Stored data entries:
• • • • • • •
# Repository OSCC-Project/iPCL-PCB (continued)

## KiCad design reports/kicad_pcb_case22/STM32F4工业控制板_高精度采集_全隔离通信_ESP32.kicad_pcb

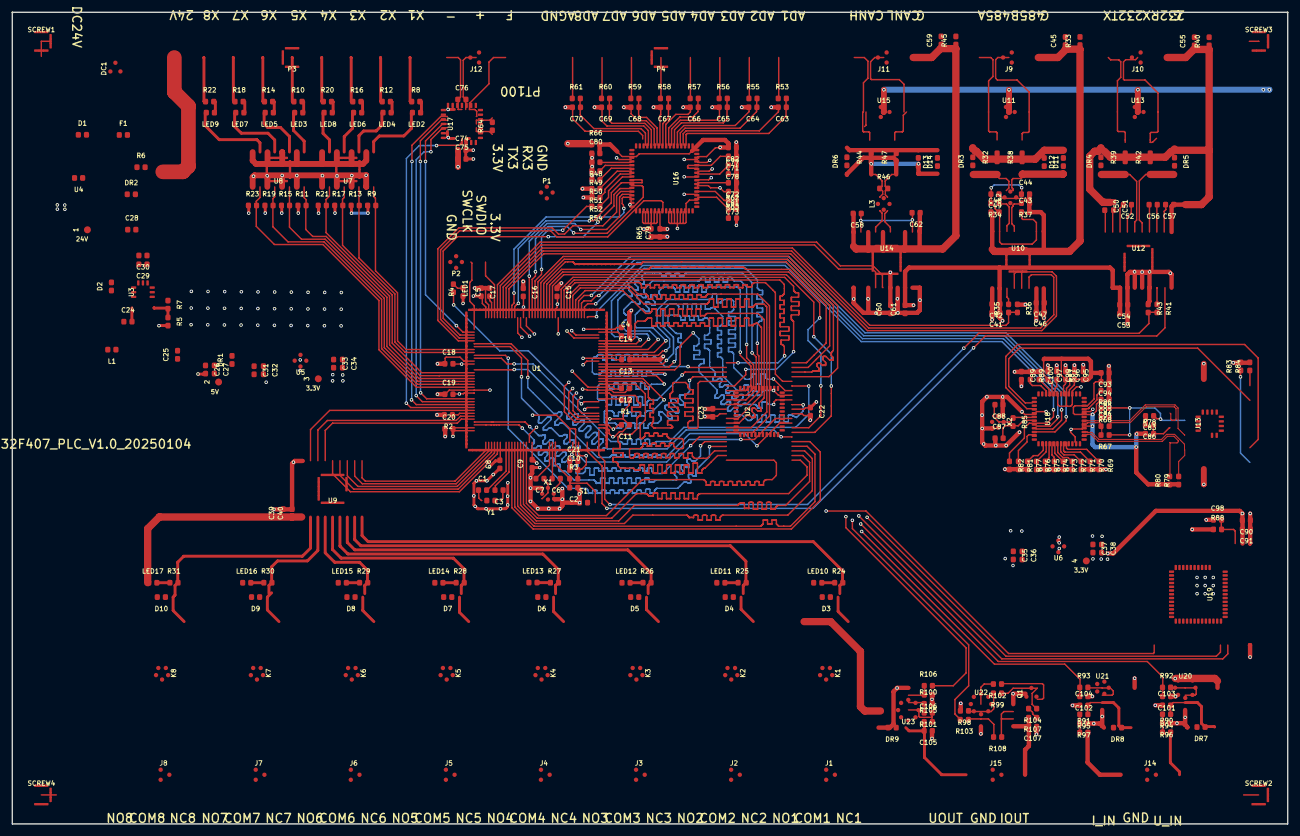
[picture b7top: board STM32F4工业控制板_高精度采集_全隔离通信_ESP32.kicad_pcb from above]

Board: 4 copper layers, 220.0 x 140.0 mm, 323 parts (0 on the bottom side), 298 nets.

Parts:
1: ie6183
2: ie6179
3: ie6175
4: ie6171
C1: ie6167
C2: ie6163
C3: ie6159
C4: ie6155
C5: ie6151
C6: ie6147
C7: ie6143
C8: ie6139
C9: ie6135
C10: ie6131
C11: ie6127
C12: ie6123
C13: ie6119
C14: ie6115
C15: ie6111
C16: ie6107
C17: ie6103
C18: ie6099
C19: ie6095
C20: ie6091
C21: ie6087
C22: ie6083
C23: ie6079
C24: ie6075
C25: ie6071
C26: ie6067
C27: ie6063
C28: ie6059
C29: ie6055
C30: ie6051
C31: ie6047
C32: ie6043
C33: ie6039
C34: ie6035
C35: ie6031
C36: ie6027
C37: ie6023
C38: ie6019
C39: ie6015
C40: ie6011
C41: ie6007
C42: ie6003
C43: ie5999
C44: ie5995
C45: ie5991
C46: ie5987
C47: ie5983
C48: ie5979
C49: ie5975
C50: ie5971
C51: ie5967
C52: ie5963
C53: ie5959
C54: ie5955
C55: ie5951
C56: ie5947
C57: ie5943
C58: ie5939
C59: ie5935
C60: ie5931
C61: ie5927
C62: ie5923
C63: ie5919
C64: ie5915
C65: ie5911
C66: ie5907
C67: ie5903
C68: ie5899
C69: ie5895
C70: ie5891
C71: ie5887
C72: ie5883
C73: ie5879
C74: ie5875
C75: ie5871
C76: ie5867
C77: ie5863
C78: ie5859
C79: ie5855
C80: ie5851
C81: ie5847
C82: ie5843
C83: ie5839
C84: ie5835
C85: ie5831
C86: ie5827
C87: ie5823
C88: ie5819
C89: ie5815
C90: ie5811
C91: ie5807
C92: ie5803
C93: ie5799
C94: ie5795
C95: ie5791
C96: ie5787
C97: ie5783
C98: ie5779
C99: ie5775
C100: ie5771
C101: ie5767
C102: ie5763
C103: ie5759
C104: ie5755
C105: ie5751
C106: ie5747
C107: ie5743
D1: ie5739
D2: ie5735
D3: ie5731
D4: ie5727
D5: ie5723
D6: ie5719
D7: ie5715
D8: ie5711
D9: ie5707
D10: ie5703
D11: ie5699
D12: ie5695
D13: ie5691
D14: ie5687
DC1: ie5683
DR1: ie5679
DR2: ie5675
DR3: ie5671
DR4: ie5667
DR5: ie5663
DR6: ie5659
DR7: ie5655
DR8: ie5651
DR9: ie5647
F1: ie5643
J1: ie5639
J2: ie5635
J3: ie5631
J4: ie5627
J5: ie5623
J6: ie5619
J7: ie5615
J8: ie5611
J9: ie5607
J10: ie5603
J11: ie5599
J12: ie5595
J13: ie4895
J14: ie5591
J15: ie5587
K1: ie5583
K2: ie5579
K3: ie5575
K4: ie5571
K5: ie5567
K6: ie5563
K7: ie5559
K8: ie5555
L1: ie5551
L2: ie5547
L3: ie5543
LED1: ie5539
LED2: ie5535
LED3: ie5531
LED4: ie5527
LED5: ie5523
LED6: ie5519
LED7: ie5515
LED8: ie5511
LED9: ie5507
LED10: ie5503
LED11: ie5499
LED12: ie5495
LED13: ie5491
LED14: ie5487
LED15: ie5483
LED16: ie5479
LED17: ie5475
P1: ie5471
P2: ie5467
P3: ie4915
P4: ie5463
Q1: ie5459
R1: ie5455
R2: ie5451
R3: ie5447
R4: ie5443
R5: ie5439
R6: ie5435
R7: ie5431
R8: ie5427
R9: ie5423
R10: ie5419
R11: ie5415
R12: ie5411
R13: ie5407
R14: ie5403
R15: ie5399
R16: ie5395
R17: ie5391
R18: ie5387
R19: ie5383
R20: ie5379
R21: ie5375
R22: ie5371
R23: ie5367
R24: ie5363
R25: ie5359
R26: ie5355
R27: ie5351
R28: ie5347
R29: ie5343
R30: ie5339
R31: ie5335
R32: ie5331
R33: ie5327
R34: ie5323
R35: ie5319
R36: ie5315
R37: ie5311
R38: ie5307
R39: ie5303
R40: ie5299
R41: ie5295
R42: ie5291
R43: ie5287
R44: ie5283
R45: ie5279
R46: ie5275
R47: ie5271
R48: ie5267
R49: ie5263
R50: ie5259
R51: ie5255
R52: ie5251
R53: ie5247
R54: ie5243
R55: ie5239
R56: ie5235
R57: ie5231
R58: ie5227
R59: ie5223
R60: ie5219
R61: ie5215
R62: ie5211
R63: ie5207
R64: ie5203
R65: ie5199
R66: ie5195
R67: ie5191
R68: ie5187
R69: ie5183
R70: ie5179
R71: ie5175
R72: ie5171
R73: ie5167
R74: ie5163
R75: ie5159
R76: ie5155
R77: ie5151
R78: ie5147
R79: ie5143
R80: ie5139
R81: ie5135
R82: ie5131
R83: ie5127
R84: ie5123
R85: ie5119
R86: ie5115
R87: ie5111
R88: ie5107
R89: ie5103
R90: ie5099
R91: ie5095
R92: ie5091
R93: ie5087
R94: ie5083
R95: ie5079
R96: ie5075
R97: ie5071
R98: ie5067
R99: ie5063
R100: ie5059
R101: ie5055
R102: ie5051
R103: ie5047
R104: ie5043
R105: ie5039
R106: ie5035
R107: ie5031
R108: ie5027
S1: ie5023
SCREW1: ie5019
SCREW2: ie5015
SCREW3: ie5011
SCREW4: ie4911
U1: ie4903
U2: ie4899
U3: ie5007
U4: ie5003
U5: ie4999
U6: ie4995
U7: ie4991
U8: ie4987
U9: ie4983
U10: ie4979
U11: ie4975
U12: ie4971
U13: ie4967
U14: ie4963
U15: ie4959
U16: ie4955
U17: ie4951
U18: ie4947
U19: ie4943
U20: ie4907
U21: ie4935
U22: ie4939
U23: ie4931
X1: ie4927
X2: ie4923
Y1: ie4919

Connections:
3.3V: 3.1, 4.1, C8.2, C9.2, C10.2, C11.2, C12.2, C13.2, C14.2, C15.2, C16.2, C17.2, C18.2, C19.2, C20.2, C21.2, C22.2, C23.2, C33.2, C34.2, C37.2, C38.2, C60.2, C74.2, C75.2, C79.2, C89.2, C90.2, C91.2, P1.1, P2.1, R3.2, R4.1, R9.1, R11.1, R13.1, R15.1, R17.1, R19.1, R21.1, R23.1, R51.2, R52.2, R63.2, R69.2, R70.2, R71.2, R77.2, R81.2, R82.2, R83.2, R84.2, R87.2, R88.1, U1.6, U1.17, U1.30, U1.32, U1.33, U1.39, U1.52, U1.62, U1.72, U1.84, U1.95, U1.108, U1.121, U1.131, U1.143, U1.144, U2.11, U2.33, U5.2, U5.4, U6.2, U6.4, U14.6, U16.23, U17.19, U17.20, U18.28, U19.2
3.3VA: C92.2, C93.2, C94.2, C95.2, C96.2, C97.2, R78.1, R79.1, R80.1, R87.1, U18.4, U18.8, U18.11, U18.15, U18.17, U18.21
5V: 2.1, C25.1, C26.2, C27.2, C31.2, C32.2, C35.2, C36.2, C41.1, C42.1, C46.2, C47.2, C53.2, C54.2, C61.2, DR1.1, L1.2, Q1.3, R5.2, R66.1, U5.3, U6.3, U10.2, U10.7, U12.2, U12.3, U14.8, U20.8, U21.8, U22.8
24V: 1.1, C28.1, C29.2, C30.2, C39.1, C40.1, D3.2, D4.2, D5.2, D6.2, D7.2, D8.2, D9.2, D10.2, DR2.1, F1.2, K1.1, K2.1, K3.1, K4.1, K5.1, K6.1, K7.1, K8.1, LED10.1, LED11.1, LED12.1, LED13.1, LED14.1, LED15.1, LED16.1, LED17.1, P3.9, R6.2, U3.7, U9.10, U23.8
232_GND: C50.1, C51.1, C55.1, C57.1, DR4.2, DR5.1, J10.1, R40.1, U12.11
232_RX: J10.2, R42.2, U13.3
232_TX: J10.3, R39.2, U13.1
485A: J9.3, R32.2, U11.1
485B: J9.2, R38.2, U11.3
485_GND: C43.2, C44.2, C45.1, C48.1, C49.1, J9.1, R33.1, R37.1, U10.9, U10.16
A5V: C80.2, C81.2, C82.2, R66.2, U16.1, U16.37, U16.38, U16.48
ACTLED: J13.10, U18.27
AD1: P4.1, R53.1
AD2: P4.2, R55.1
AD3: P4.3, R56.1
AD4: P4.4, R57.1
AD5: P4.5, R58.1
AD6: P4.6, R59.1
AD7: P4.7, R60.1
AD8: P4.8, R61.1
AD_BUSY: U1.93, U16.14
AD_CONVST: U1.98, U16.9, U16.10
AD_FASTDATA: U1.99, U16.15
AD_RANGE: R54.2, U1.91
AD_RESET: U1.92, U16.11
AD_SPI3_CS: U1.113, U16.13
AD_SPI3_MISO: U1.112, U16.24
AD_SPI3_SCLK: U1.111, U16.12
AGND: C63.2, C64.2, C65.2, C66.2, C67.2, C68.2, C69.2, C70.2, C71.1, C72.1, C73.1, C77.2, C78.1, C80.1, C81.1, C82.1, P4.9, R48.2, R49.2, R50.2, R62.2, R65.2, U16.2, U16.16, U16.17, U16.18, U16.19, U16.20, U16.21, U16.22, U16.26, U16.27, U16.28, U16.29, U16.30, U16.31, U16.32, U16.33, U16.35, U16.40, U16.41, U16.43, U16.46, U16.47, U16.50, U16.52, U16.54, U16.56, U16.58, U16.60, U16.62, U16.64
CANH: J11.3, R44.2, U15.1
CANL: J11.2, R47.2, U15.3
CAN_GND: C58.2, C59.1, C62.1, J11.1, R45.1, U14.11, U14.13, U14.16, U14.18, U14.20
COM1: J1.2, K1.2
COM2: J2.2, K2.2
COM3: J3.2, K3.2
COM4: J4.2, K4.2
COM5: J5.2, K5.2
COM6: J6.2, K6.2
COM7: J7.2, K7.2
COM8: J8.2, K8.2
DI_GND: U7.2, U7.4, U7.6, U7.8, U8.2, U8.4, U8.6, U8.8
EN: C98.2, R88.2, U19.3
ESP32_IO0: U1.45, U19.27
ESP32_RX6: U1.97, U19.37
ESP32_TX6: U1.96, U19.36
FORCE: J12.1, U17.5, U17.6
GND: C2.1, C4.2, C5.2, C8.1, C9.1, C10.1, C11.1, C12.1, C13.1, C14.1, C15.1, C16.1, C17.1, C18.1, C19.1, C20.1, C21.1, C22.1, C23.1, C25.2, C26.1, C27.1, C28.2, C29.1, C30.1, C31.1, C32.1, C33.1, C34.1, C35.1, C36.1, C37.1, C38.1, C39.2, C40.2, C41.2, C42.2, C46.1, C47.1, C53.1, C54.1, C60.1, C61.1, C74.1, C75.1, C79.1, C83.2, C86.2, C87.1, C88.1, C89.1, C90.1, C91.1, C92.1, C93.1, C94.1, C95.1, C96.1, C97.1, C98.1, C99.1, C100.1, C101.1, C102.1, C103.1, C104.1, C105.1, C106.1, C107.1, D2.1, DC1.2, DC1.3, DR1.2, DR2.2, DR7.2, DR8.2, DR9.2, J13.SH1, J13.SH2, J14.2, J15.2, P1.4, P2.4, R1.1, R2.2, R7.1, R36.1, R43.1, R65.1, R72.2, R73.2, R74.2, R75.2, R76.2, R86.1, R89.1, R96.1, R97.1, R98.2, R100.2, S1.1, U1.16, U1.31, U1.38, U1.51, U1.61, U1.83, U1.94, U1.107, U1.120, U1.130, U2.12, U2.34, U3.6, U3.9, U4.2, U5.1, U6.1, U7.9, U7.11, U7.13, U7.15, U8.9, U8.11, U8.13, U8.15, U9.9, U10.1, U10.8, U12.4, U12.5, U12.6, U12.7, U12.10, U14.1, U14.3, U14.7, U14.9, U14.10, U17.10, U17.15, U17.16, U17.21, U17.ie24, U17.ie25, U17.ie26, U17.ie27, U18.3, U18.9, U18.14, U18.16, U18.19, U18.29, U18.48, U19.1, U19.40, U19.41, U20.4, U21.4, U22.4, U23.4, X1.2, X1.4, X2.2, X2.4
I_IN2: J14.1, R91.2
I_OUT1: C107.2, J15.3, R107.2, U22.5
LINKLED: J13.11, U18.25
MCU_232_RX2: R41.2, R43.2, U1.37
MCU_232_TX2: U1.36, U12.9
MCU_485_DIR: U1.100, U10.4, U10.5
MCU_485_RX1: R35.1, R36.2, U1.102
MCU_485_TX1: U1.101, U10.6
MCU_ADC1: C101.2, R92.1, U1.42
MCU_ADC2: C102.2, R93.1, U1.43
MCU_CAN1_RX: U1.103, U14.4
MCU_CAN1_TX: U1.104, U14.5
MCU_DAC1: R103.2, U1.40
MCU_DAC2: R106.2, U1.41
MCU_DI1: R9.2, U1.116, U7.16
MCU_DI2: R13.2, U1.117, U7.14
MCU_DI3: R17.2, U1.124, U7.12
MCU_DI4: R21.2, U1.125, U7.10
MCU_DI5: R11.2, U1.126, U8.16
MCU_DI6: R15.2, U1.127, U8.14
MCU_DI7: R19.2, U1.128, U8.12
MCU_DI8: R23.2, U1.129, U8.10
MCU_OUT1: U1.1, U9.1
MCU_OUT2: U1.2, U9.2
MCU_OUT3: U1.3, U9.3
MCU_OUT4: U1.4, U9.4
MCU_OUT5: U1.5, U9.5
MCU_OUT6: U1.140, U9.6
MCU_OUT7: U1.139, U9.7
MCU_OUT8: U1.137, U9.8
NC1: J1.3, K1.4
NC2: J2.3, K2.4
NC3: J3.3, K3.4
NC4: J4.3, K4.4
NC5: J5.3, K5.4
NC6: J6.3, K6.4
NC7: J7.3, K7.4
NC8: J8.3, K8.4
NETC1_1: C1.1, Y1.2
NETC3_1: C3.1, Y1.1
NETC4_1: C4.1, U1.71
NETC5_1: C5.1, U1.106
NETC6_1: C6.1, X1.3
NETC7_1: C7.1, X1.1
NETC24_1: C24.1, D2.2, L1.1, U3.8
NETC24_2: C24.2, U3.1
NETC43_1: C43.1, C44.1, C48.2, C49.2, R34.2, U10.10, U10.15
NETC50_2: C50.2, U12.20
NETC51_2: C51.2, U12.19
NETC52_1: C52.1, U12.17
NETC52_2: C52.2, U12.18
NETC56_1: C56.1, U12.13
NETC56_2: C56.2, U12.14
NETC57_2: C57.2, U12.12
NETC58_1: C58.1, C62.2, U14.12, U14.19
NETC71_2: C71.2, U16.44, U16.45
NETC72_2: C72.2, U16.39
NETC73_2: C73.2, U16.36
NETC84_2: C84.2, J13.6
NETC85_2: C85.2, J13.3
NETC87_2: C87.2, R85.2, U18.31, X2.3
NETC88_2: C88.2, R85.1, U18.30, X2.1
NETC99_2: C99.2, U18.20
NETC100_2: C100.2, U18.22
NETC103_2: C103.2, DR7.1, R94.1, U20.3
NETC104_2: C104.2, DR8.1, R95.1, U21.3
NETC106_2: C106.2, R106.1, U23.3
NETD1_1: D1.1, DC1.1
NETD1_2: D1.2, F1.1
NETD11_1: D11.1, D12.2, DR3.2
NETD11_2: D11.2, D12.1, L2.3, R38.1
NETD13_1: D13.1, D14.2, L3.4, R44.1, R46.1
NETD13_2: D13.2, D14.1, DR6.2
NETDR3_1: DR3.1, L2.4, R32.1
NETDR4_1: DR4.1, R39.1, U12.16
NETDR5_2: DR5.2, R42.1, U12.15
NETDR6_1: DR6.1, L3.3, R46.2, R47.1
NETJ13_9: J13.9, R83.1
NETJ13_12: J13.12, R84.1
NETL2_1: L2.1, R34.1, U10.14
NETL2_2: L2.2, R37.2, U10.13
NETL3_1: L3.1, U14.17
NETL3_2: L3.2, U14.15
NETLED1_1: LED1.1, R4.2
NETLED2_1: LED2.1, R8.2
NETLED2_2: LED2.2, U7.1
NETLED3_1: LED3.1, R10.2
NETLED3_2: LED3.2, U8.1
NETLED4_1: LED4.1, R12.2
NETLED4_2: LED4.2, U7.3
NETLED5_1: LED5.1, R14.2
NETLED5_2: LED5.2, U8.3
NETLED6_1: LED6.1, R16.2
NETLED6_2: LED6.2, U7.5
NETLED7_1: LED7.1, R18.2
NETLED7_2: LED7.2, U8.5
NETLED8_1: LED8.1, R20.2
NETLED8_2: LED8.2, U7.7
NETLED9_1: LED9.1, R22.2
NETLED9_2: LED9.2, U8.7
NETLED10_2: LED10.2, R24.1
NETLED11_2: LED11.2, R25.1
NETLED12_2: LED12.2, R26.1
NETLED13_2: LED13.2, R27.1
NETLED14_2: LED14.2, R28.1
NETLED15_2: LED15.2, R29.1
NETLED16_2: LED16.2, R30.1
NETLED17_2: LED17.2, R31.1
NETQ1_1: Q1.1, R102.1
NETQ1_2: Q1.2, R99.1, R104.1
NETR1_2: R1.2, U1.48
NETR2_1: R2.1, U1.138
NETR5_1: R5.1, R7.2, U3.4
NETR6_1: R6.1, U4.1
NETR35_2: R35.2, U10.3
NETR41_1: R41.1, U12.8
NETR48_1: R48.1, U16.3
NETR49_1: R49.1, U16.4
NETR50_1: R50.1, U16.5
NETR51_1: R51.1, U16.6
NETR52_1: R52.1, U16.7
NETR54_1: R54.1, U16.8
NETR62_1: R62.1, R63.1, U16.34
NETR64_1: R64.1, U17.1, U17.2
NETR64_2: R64.2, U17.3, U17.4
NETR69_1: R69.1, U18.45
NETR70_1: R70.1, U18.44
NETR71_1: R71.1, U18.43
NETR72_1: R72.1, U18.42
NETR73_1: R73.1, U18.41
NETR74_1: R74.1, U18.40
NETR75_1: R75.1, U18.39
NETR76_1: R76.1, U18.38
NETR77_1: R77.1, U18.37
NETR81_1: R81.1, U18.36
NETR86_2: R86.2, U18.10
NETR89_2: R89.2, U18.23
NETR90_1: R90.1, R94.2, R96.2
NETR91_1: R91.1, R95.2, R97.2
NETR92_2: R92.2, U20.1, U20.2
NETR93_2: R93.2, U21.1, U21.2
NETR98_1: R98.1, R99.2, U22.2
NETR100_1: R100.1, R101.2, U23.2
NETR101_1: R101.1, R105.2, U23.1
NETR102_2: R102.2, U22.1
NETR103_1: R103.1, R108.2, U22.3
NETR104_2: R104.2, R107.1
NETR108_1: R108.1, U22.6, U22.7
NO1: J1.1, K1.3
NO2: J2.1, K2.3
NO3: J3.1, K3.3
NO4: J4.1, K4.3
NO5: J5.1, K5.3
NO6: J6.1, K6.3
NO7: J7.1, K7.3
NO8: J8.1, K8.3
NRST: C2.2, R3.1, S1.2, U1.25
OSC32_IN: C1.2, U1.8
OSC32_OUT: C3.2, U1.9
OSC_IN: C7.2, U1.23
OSC_OUT: C6.2, U1.24
OUT1: D3.1, K1.5, R24.2, U9.18
OUT2: D4.1, K2.5, R25.2, U9.17
OUT3: D5.1, K3.5, R26.2, U9.16
OUT4: D6.1, K4.5, R27.2, U9.15
OUT5: D7.1, K5.5, R28.2, U9.14
OUT6: D8.1, K6.5, R29.2, U9.13
OUT7: D9.1, K7.5, R30.2, U9.12
OUT8: D10.1, K8.5, R31.2, U9.11
PGND: C45.2, C55.2, C59.2, R33.2, R40.2, R45.2, SCREW1.1, SCREW2.1, SCREW3.1, SCREW4.1, U11.2, U13.2, U15.2
PT_DRDY: U1.136, U17.18
PT_SPI1_CS: U1.110, U17.13
PT_SPI1_MISO: U1.134, U17.14
PT_SPI1_MOSI: U1.135, U17.11
PT_SPI1_SCLK: U1.133, U17.12
RCT: C83.1, J13.5, R67.1, R68.1
RTD+: C76.2, J12.2, U17.7
RTD-: C76.1, J12.3, U17.8, U17.9
RUN: LED1.2, U1.47
RX3: P1.3, U1.70
RXN: C84.1, R67.2, U18.5
RXP: C85.1, R68.2, U18.6
SRAM_A0: U1.10, U2.5
SRAM_A1: U1.11, U2.4
SRAM_A2: U1.12, U2.3
SRAM_A3: U1.13, U2.2
SRAM_A4: U1.14, U2.1
SRAM_A5: U1.15, U2.44
SRAM_A6: U1.50, U2.43
SRAM_A7: U1.53, U2.42
SRAM_A8: U1.54, U2.27
SRAM_A9: U1.55, U2.26
SRAM_A10: U1.56, U2.25
SRAM_A11: U1.57, U2.24
SRAM_A12: U1.87, U2.22
SRAM_A13: U1.88, U2.21
SRAM_A14: U1.89, U2.20
SRAM_A15: U1.90, U2.19
SRAM_A16: U1.80, U2.18
SRAM_A17: U1.81, U2.23
SRAM_A18: U1.82, U2.28
SRAM_CS1: U1.123, U2.6
SRAM_D0: U1.85, U2.7
SRAM_D1: U1.86, U2.8
SRAM_D2: U1.114, U2.9
SRAM_D3: U1.115, U2.10
SRAM_D4: U1.58, U2.13
SRAM_D5: U1.59, U2.14
SRAM_D6: U1.60, U2.15
SRAM_D7: U1.63, U2.16
SRAM_D8: U1.64, U2.29
SRAM_D9: U1.65, U2.30
SRAM_D10: U1.66, U2.31
SRAM_D11: U1.67, U2.32
SRAM_D12: U1.68, U2.35
SRAM_D13: U1.77, U2.36
SRAM_D14: U1.78, U2.37
SRAM_D15: U1.79, U2.38
SRAM_LB: U1.141, U2.39
SRAM_OE: U1.118, U2.41
SRAM_UB: U1.142, U2.40
SRAM_WE: U1.119, U2.17
SWCLK: P2.3, U1.109
SWDIO: P2.2, U1.105
TCT: C86.1, J13.4, R78.2
TX3: P1.2, U1.69
TXN: J13.2, R80.2, U18.1
TXP: J13.1, R79.2, U18.2
U_IN1: J14.3, R90.2
U_OUT2: C105.2, DR9.1, J15.1, R105.1
V1: C63.1, R53.2, U16.49
V2: C64.1, R55.2, U16.51
V3: C65.1, R56.2, U16.53
V4: C66.1, R57.2, U16.55
V5: C67.1, R58.2, U16.57
V6: C68.1, R59.2, U16.59
V7: C69.1, R60.2, U16.61
V8: C70.1, R61.2, U16.63
VREF2.5V: C77.1, C78.2, U16.42
W5500_SPI2_CS: R82.1, U1.73, U18.32
W5500_SPI2_MISO: U1.75, U18.34
W5500_SPI2_MOSI: U1.76, U18.35
W5500_SPI2_SCLK: U1.74, U18.33
X1: P3.1, R8.1
X2: P3.2, R12.1
X3: P3.3, R16.1
X4: P3.4, R20.1
X5: P3.5, R10.1
X6: P3.6, R14.1
X7: P3.7, R18.1
X8: P3.8, R22.1
• • • • • • •
Task to carry out: Write out each line of the data above exactly, starting at the top and finishing with the line containing "C70: ie5891"; omit the pictures.

Your solution:
# Repository OSCC-Project/iPCL-PCB (continued)

## KiCad design reports/kicad_pcb_case22/STM32F4工业控制板_高精度采集_全隔离通信_ESP32.kicad_pcb

[picture b7top: board STM32F4工业控制板_高精度采集_全隔离通信_ESP32.kicad_pcb from above]

Board: 4 copper layers, 220.0 x 140.0 mm, 323 parts (0 on the bottom side), 298 nets.

Parts:
1: ie6183
2: ie6179
3: ie6175
4: ie6171
C1: ie6167
C2: ie6163
C3: ie6159
C4: ie6155
C5: ie6151
C6: ie6147
C7: ie6143
C8: ie6139
C9: ie6135
C10: ie6131
C11: ie6127
C12: ie6123
C13: ie6119
C14: ie6115
C15: ie6111
C16: ie6107
C17: ie6103
C18: ie6099
C19: ie6095
C20: ie6091
C21: ie6087
C22: ie6083
C23: ie6079
C24: ie6075
C25: ie6071
C26: ie6067
C27: ie6063
C28: ie6059
C29: ie6055
C30: ie6051
C31: ie6047
C32: ie6043
C33: ie6039
C34: ie6035
C35: ie6031
C36: ie6027
C37: ie6023
C38: ie6019
C39: ie6015
C40: ie6011
C41: ie6007
C42: ie6003
C43: ie5999
C44: ie5995
C45: ie5991
C46: ie5987
C47: ie5983
C48: ie5979
C49: ie5975
C50: ie5971
C51: ie5967
C52: ie5963
C53: ie5959
C54: ie5955
C55: ie5951
C56: ie5947
C57: ie5943
C58: ie5939
C59: ie5935
C60: ie5931
C61: ie5927
C62: ie5923
C63: ie5919
C64: ie5915
C65: ie5911
C66: ie5907
C67: ie5903
C68: ie5899
C69: ie5895
C70: ie5891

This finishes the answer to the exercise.